With `inline: true`, the response includes `body` field with extracted content.

---

## API Endpoints

| Endpoint | Description |
|----------|-------------|
| `/pdf/convert/to/text` | PDF to text (OCR supported) |
| `/pdf/convert/to/csv` | PDF to CSV |
| `/pdf/convert/to/json` | PDF to JSON |
| `/pdf/merge` | Merge multiple PDFs |
| `/pdf/split` | Split PDF by pages |
| `/pdf/optimize` | Compress PDF |
| `/pdf/convert/from/html` | HTML to PDF |
| `/pdf/convert/from/url` | URL to PDF |
| `/ai-invoice-parser` | AI-powered invoice parsing |
| `/document-parser` | Template-based document parsing |
| `/file/upload/get-presigned-url` | Get upload URL |
| `/job/check` | Check async job status |

---

## Guidelines

1. **File Sources**: Use direct URLs or upload files first via presigned URL
2. **Large Files**: Use `async: true` for files over 40 pages or 10MB
3. **OCR**: Automatically enabled for scanned PDFs (set `lang` for non-English)
4. **Rate Limits**: Check your plan at https://pdf.co/pricing
5. **Output Expiration**: Download results within expiration time (default 60 min)
6. **Credits**: Each operation costs credits; check `remainingCredits` in response

Overview

This skill provides an all-in-one PDF processing API for conversion, extraction, merging, splitting, compression and more.
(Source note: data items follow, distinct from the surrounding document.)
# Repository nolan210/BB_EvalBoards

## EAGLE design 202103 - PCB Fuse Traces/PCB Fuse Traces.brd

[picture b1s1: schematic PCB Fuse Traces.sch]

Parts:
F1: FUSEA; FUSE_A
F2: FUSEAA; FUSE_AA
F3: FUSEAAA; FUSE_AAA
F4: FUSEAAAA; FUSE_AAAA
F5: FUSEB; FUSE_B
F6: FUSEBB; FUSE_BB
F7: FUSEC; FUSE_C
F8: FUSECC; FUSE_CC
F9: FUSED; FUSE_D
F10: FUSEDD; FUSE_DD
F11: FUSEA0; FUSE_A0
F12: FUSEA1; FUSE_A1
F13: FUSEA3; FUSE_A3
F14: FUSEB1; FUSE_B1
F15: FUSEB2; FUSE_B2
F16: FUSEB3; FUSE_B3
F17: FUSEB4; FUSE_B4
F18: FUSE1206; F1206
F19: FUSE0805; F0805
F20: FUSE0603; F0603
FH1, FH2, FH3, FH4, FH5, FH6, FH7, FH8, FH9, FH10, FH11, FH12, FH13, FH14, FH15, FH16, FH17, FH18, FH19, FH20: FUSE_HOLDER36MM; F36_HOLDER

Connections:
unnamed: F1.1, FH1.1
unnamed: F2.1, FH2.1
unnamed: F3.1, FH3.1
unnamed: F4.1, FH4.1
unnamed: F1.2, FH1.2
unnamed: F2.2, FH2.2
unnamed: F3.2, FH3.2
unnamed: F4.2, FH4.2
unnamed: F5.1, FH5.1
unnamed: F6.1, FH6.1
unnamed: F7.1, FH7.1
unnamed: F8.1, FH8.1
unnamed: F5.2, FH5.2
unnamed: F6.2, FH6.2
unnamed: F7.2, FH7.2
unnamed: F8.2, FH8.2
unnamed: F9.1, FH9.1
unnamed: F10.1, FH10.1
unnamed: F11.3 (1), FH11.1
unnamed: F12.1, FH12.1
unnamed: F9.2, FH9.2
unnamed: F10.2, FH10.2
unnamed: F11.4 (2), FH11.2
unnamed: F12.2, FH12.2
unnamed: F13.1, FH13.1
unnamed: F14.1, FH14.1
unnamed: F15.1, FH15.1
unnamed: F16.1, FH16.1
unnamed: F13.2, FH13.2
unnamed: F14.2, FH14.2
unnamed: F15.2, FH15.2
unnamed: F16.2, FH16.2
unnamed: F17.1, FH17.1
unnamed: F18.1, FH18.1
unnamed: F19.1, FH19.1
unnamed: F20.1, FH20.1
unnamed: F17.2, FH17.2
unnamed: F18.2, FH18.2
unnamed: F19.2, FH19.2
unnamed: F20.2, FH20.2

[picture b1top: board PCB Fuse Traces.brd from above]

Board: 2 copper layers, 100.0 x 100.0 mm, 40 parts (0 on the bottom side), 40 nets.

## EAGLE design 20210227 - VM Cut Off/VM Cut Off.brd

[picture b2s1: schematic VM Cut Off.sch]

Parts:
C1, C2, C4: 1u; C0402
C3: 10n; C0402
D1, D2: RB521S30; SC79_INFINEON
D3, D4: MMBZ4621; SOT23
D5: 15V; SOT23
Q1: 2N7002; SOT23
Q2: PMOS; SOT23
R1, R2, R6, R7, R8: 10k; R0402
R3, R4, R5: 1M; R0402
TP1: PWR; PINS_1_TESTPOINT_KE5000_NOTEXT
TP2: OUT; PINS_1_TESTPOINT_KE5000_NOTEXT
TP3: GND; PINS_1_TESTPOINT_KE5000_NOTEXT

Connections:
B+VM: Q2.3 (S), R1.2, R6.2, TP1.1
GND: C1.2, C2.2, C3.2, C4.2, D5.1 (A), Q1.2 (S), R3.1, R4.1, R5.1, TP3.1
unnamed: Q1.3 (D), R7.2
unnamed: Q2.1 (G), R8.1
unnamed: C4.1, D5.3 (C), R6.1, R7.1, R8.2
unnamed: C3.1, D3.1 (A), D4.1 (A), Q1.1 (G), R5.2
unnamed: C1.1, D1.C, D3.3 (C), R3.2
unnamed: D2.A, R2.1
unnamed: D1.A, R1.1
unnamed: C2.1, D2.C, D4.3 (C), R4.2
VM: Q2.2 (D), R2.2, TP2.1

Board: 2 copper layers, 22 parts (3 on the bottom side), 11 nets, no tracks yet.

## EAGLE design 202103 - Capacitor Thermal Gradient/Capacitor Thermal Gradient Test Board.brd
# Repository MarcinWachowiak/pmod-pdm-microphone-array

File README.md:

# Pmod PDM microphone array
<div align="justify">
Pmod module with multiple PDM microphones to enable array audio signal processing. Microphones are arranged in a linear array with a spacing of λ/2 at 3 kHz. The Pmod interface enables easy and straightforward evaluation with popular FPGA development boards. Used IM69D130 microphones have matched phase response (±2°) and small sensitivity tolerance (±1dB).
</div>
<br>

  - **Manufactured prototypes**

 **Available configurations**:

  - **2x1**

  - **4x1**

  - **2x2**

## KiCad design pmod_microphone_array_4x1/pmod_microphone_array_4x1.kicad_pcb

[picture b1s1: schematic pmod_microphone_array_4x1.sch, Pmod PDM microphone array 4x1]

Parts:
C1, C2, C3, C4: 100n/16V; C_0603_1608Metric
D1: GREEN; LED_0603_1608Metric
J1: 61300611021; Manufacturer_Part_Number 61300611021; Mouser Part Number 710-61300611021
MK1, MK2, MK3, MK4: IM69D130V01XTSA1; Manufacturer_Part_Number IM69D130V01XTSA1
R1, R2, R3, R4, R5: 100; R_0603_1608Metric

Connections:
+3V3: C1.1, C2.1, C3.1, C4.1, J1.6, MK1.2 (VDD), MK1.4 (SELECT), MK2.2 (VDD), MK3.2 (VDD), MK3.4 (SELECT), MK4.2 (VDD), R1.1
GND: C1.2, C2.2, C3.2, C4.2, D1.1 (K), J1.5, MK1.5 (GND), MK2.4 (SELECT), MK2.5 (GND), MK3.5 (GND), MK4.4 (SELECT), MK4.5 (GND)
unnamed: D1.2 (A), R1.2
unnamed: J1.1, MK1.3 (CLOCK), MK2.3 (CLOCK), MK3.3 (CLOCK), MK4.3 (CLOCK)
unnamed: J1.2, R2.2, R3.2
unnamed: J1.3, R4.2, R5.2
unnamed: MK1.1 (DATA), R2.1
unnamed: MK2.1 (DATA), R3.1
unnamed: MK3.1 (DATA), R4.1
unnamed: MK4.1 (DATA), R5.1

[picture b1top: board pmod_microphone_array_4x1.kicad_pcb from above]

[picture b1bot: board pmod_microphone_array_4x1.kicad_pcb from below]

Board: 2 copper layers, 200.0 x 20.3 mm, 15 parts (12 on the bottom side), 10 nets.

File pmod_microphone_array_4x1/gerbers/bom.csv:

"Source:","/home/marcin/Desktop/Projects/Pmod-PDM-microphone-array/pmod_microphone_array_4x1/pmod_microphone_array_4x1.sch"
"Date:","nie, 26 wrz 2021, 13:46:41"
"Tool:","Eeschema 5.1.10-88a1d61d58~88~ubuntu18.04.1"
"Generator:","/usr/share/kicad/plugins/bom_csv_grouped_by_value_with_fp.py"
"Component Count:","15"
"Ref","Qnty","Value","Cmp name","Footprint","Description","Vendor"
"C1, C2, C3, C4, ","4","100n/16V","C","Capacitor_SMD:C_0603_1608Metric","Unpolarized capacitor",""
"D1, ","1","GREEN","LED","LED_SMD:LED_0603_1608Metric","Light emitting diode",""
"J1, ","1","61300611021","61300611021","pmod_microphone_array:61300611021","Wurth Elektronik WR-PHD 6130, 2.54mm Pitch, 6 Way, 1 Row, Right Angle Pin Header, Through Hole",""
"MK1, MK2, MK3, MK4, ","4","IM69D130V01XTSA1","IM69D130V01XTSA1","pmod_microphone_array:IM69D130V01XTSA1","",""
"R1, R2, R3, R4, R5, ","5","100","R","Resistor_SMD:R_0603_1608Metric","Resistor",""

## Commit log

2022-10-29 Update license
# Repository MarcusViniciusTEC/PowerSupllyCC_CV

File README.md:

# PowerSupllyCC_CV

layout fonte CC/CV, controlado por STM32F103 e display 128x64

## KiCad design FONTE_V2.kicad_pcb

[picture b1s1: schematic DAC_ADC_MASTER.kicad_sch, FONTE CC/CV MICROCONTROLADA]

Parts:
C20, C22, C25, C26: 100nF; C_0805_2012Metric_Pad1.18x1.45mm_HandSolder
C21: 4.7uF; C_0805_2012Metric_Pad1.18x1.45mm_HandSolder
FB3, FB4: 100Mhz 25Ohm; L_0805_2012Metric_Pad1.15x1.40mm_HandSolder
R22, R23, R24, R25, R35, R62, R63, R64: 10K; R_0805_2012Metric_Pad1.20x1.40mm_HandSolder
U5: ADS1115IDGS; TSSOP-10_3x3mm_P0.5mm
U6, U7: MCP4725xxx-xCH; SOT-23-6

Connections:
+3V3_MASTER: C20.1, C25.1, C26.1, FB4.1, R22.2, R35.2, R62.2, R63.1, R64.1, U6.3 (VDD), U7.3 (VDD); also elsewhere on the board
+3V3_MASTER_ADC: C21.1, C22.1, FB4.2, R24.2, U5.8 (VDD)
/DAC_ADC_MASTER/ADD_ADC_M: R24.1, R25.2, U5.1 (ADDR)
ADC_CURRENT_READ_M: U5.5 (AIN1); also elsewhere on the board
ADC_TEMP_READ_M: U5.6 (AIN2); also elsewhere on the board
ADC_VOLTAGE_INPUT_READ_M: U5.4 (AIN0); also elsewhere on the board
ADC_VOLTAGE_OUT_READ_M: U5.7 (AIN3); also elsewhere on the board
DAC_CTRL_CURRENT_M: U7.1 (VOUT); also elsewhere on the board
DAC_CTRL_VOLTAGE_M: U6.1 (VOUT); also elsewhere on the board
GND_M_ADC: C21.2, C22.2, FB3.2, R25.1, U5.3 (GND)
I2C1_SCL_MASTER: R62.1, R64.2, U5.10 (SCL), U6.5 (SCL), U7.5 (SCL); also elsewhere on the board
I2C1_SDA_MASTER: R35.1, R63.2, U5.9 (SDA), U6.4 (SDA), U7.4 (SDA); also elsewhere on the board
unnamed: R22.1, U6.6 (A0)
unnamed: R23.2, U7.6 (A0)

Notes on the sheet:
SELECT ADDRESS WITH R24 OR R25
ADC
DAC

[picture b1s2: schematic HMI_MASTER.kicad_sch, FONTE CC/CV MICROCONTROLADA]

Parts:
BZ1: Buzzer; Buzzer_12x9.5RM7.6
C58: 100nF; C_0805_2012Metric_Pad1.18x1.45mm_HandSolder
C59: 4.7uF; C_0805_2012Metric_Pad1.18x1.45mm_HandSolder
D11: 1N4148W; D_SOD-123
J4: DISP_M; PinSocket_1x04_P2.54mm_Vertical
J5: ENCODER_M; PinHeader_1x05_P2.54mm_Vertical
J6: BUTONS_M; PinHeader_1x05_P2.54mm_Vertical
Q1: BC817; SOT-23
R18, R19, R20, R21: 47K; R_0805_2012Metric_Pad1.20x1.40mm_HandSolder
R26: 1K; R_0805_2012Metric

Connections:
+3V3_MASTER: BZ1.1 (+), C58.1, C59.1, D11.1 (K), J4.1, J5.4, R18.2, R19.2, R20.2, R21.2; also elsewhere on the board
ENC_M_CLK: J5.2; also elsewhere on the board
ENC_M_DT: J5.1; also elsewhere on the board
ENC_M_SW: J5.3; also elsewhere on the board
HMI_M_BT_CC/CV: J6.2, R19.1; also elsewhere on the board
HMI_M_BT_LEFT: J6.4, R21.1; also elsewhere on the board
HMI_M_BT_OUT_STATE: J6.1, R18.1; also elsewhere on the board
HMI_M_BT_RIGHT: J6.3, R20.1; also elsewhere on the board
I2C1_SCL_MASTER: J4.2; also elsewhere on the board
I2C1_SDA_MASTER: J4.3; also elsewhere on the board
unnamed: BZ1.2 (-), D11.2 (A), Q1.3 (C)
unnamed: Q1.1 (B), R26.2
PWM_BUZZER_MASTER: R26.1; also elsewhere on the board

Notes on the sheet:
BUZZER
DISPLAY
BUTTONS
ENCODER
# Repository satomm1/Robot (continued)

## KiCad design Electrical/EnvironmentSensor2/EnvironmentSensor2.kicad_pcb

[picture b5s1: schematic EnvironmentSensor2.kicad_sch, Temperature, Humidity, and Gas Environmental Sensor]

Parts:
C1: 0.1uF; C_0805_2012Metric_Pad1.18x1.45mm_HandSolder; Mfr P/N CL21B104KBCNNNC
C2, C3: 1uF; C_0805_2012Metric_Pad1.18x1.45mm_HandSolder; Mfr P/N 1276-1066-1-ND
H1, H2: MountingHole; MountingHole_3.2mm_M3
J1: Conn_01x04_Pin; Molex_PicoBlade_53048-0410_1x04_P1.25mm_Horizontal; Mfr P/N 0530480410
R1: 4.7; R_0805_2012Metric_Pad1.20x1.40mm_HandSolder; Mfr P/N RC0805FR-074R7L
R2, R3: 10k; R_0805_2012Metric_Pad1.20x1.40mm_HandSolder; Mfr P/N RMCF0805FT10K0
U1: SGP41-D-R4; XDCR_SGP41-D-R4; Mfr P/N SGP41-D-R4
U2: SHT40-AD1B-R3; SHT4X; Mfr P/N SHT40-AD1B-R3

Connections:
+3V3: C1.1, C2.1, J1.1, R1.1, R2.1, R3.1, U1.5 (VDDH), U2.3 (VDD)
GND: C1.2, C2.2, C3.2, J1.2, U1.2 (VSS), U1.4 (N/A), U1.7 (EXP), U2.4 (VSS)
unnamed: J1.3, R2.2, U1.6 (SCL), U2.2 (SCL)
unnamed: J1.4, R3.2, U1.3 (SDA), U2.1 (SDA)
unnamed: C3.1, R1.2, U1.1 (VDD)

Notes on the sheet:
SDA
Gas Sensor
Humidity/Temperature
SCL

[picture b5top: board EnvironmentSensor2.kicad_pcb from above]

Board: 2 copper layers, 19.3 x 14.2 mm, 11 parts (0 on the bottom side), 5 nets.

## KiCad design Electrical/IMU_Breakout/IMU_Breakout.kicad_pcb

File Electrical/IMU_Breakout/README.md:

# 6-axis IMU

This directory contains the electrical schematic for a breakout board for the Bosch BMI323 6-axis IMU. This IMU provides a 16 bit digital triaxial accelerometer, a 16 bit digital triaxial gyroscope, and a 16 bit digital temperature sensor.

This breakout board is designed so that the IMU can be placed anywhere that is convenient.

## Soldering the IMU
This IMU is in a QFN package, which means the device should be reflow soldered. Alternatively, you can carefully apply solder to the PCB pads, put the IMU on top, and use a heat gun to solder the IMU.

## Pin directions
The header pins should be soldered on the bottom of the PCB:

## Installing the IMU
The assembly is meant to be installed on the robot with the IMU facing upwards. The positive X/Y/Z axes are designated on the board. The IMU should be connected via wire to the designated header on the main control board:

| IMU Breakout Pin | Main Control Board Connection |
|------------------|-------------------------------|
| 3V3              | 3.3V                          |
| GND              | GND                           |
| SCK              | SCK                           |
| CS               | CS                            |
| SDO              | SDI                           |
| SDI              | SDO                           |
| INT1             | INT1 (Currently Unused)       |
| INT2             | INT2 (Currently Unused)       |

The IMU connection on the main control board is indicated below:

It supports OCR for scanned documents and includes AI-powered parsers for invoices and structured documents. Use it to automate PDF workflows from simple text extraction to large-file async jobs.

How this skill works

Interact with the API by sending JSON requests that reference file URLs or uploaded files (via presigned URLs). Common operations include convert-to-text/CSV/JSON, merge, split, compress, HTML/URL-to-PDF, and AI invoice/document parsing. For large files, enable async mode to receive a job ID and poll the job status until results are ready.

When to use it

  • Extract searchable text from PDFs, including scanned images via OCR.
  • Convert PDF tables to CSV or structured JSON for downstream processing.
  • Combine multiple PDF files into a single document or split a PDF by page ranges.
  • Compress PDFs to reduce size for storage or email.
  • Convert HTML or web pages into PDF for archiving or reporting.
  • Parse invoices and documents into structured fields with AI or templates.

Best practices

  • Upload local files using presigned URLs, then pass the returned file URL to API endpoints.
  • Use async: true for files larger than ~10MB or PDFs with many pages to avoid timeouts.
  • Specify pages (1-indexed) when you only need a subset to save credits and time.
  • Set inline: true when you want content returned directly in the response body.
  • Monitor remainingCredits and output expiration; download results before the link expires.

Example use cases

  • Extract text from a scanned contract and feed it into an indexing/search pipeline.
  • Convert a batch of invoice PDFs to JSON for accounting automation.
  • Merge monthly reports into a single PDF for distribution.
  • Split a large scanned book into chapter PDFs by page ranges.
  • Generate PDF snapshots of web pages for compliance or audit trails.

FAQ

How do I process a local file?

Request a presigned upload URL, PUT your file to that URL, then use the returned file URL in subsequent API calls.

When should I use async mode?

Enable async for large files (over ~10MB or many pages) or long-running operations to avoid request timeouts; poll the job/check endpoint with the jobId.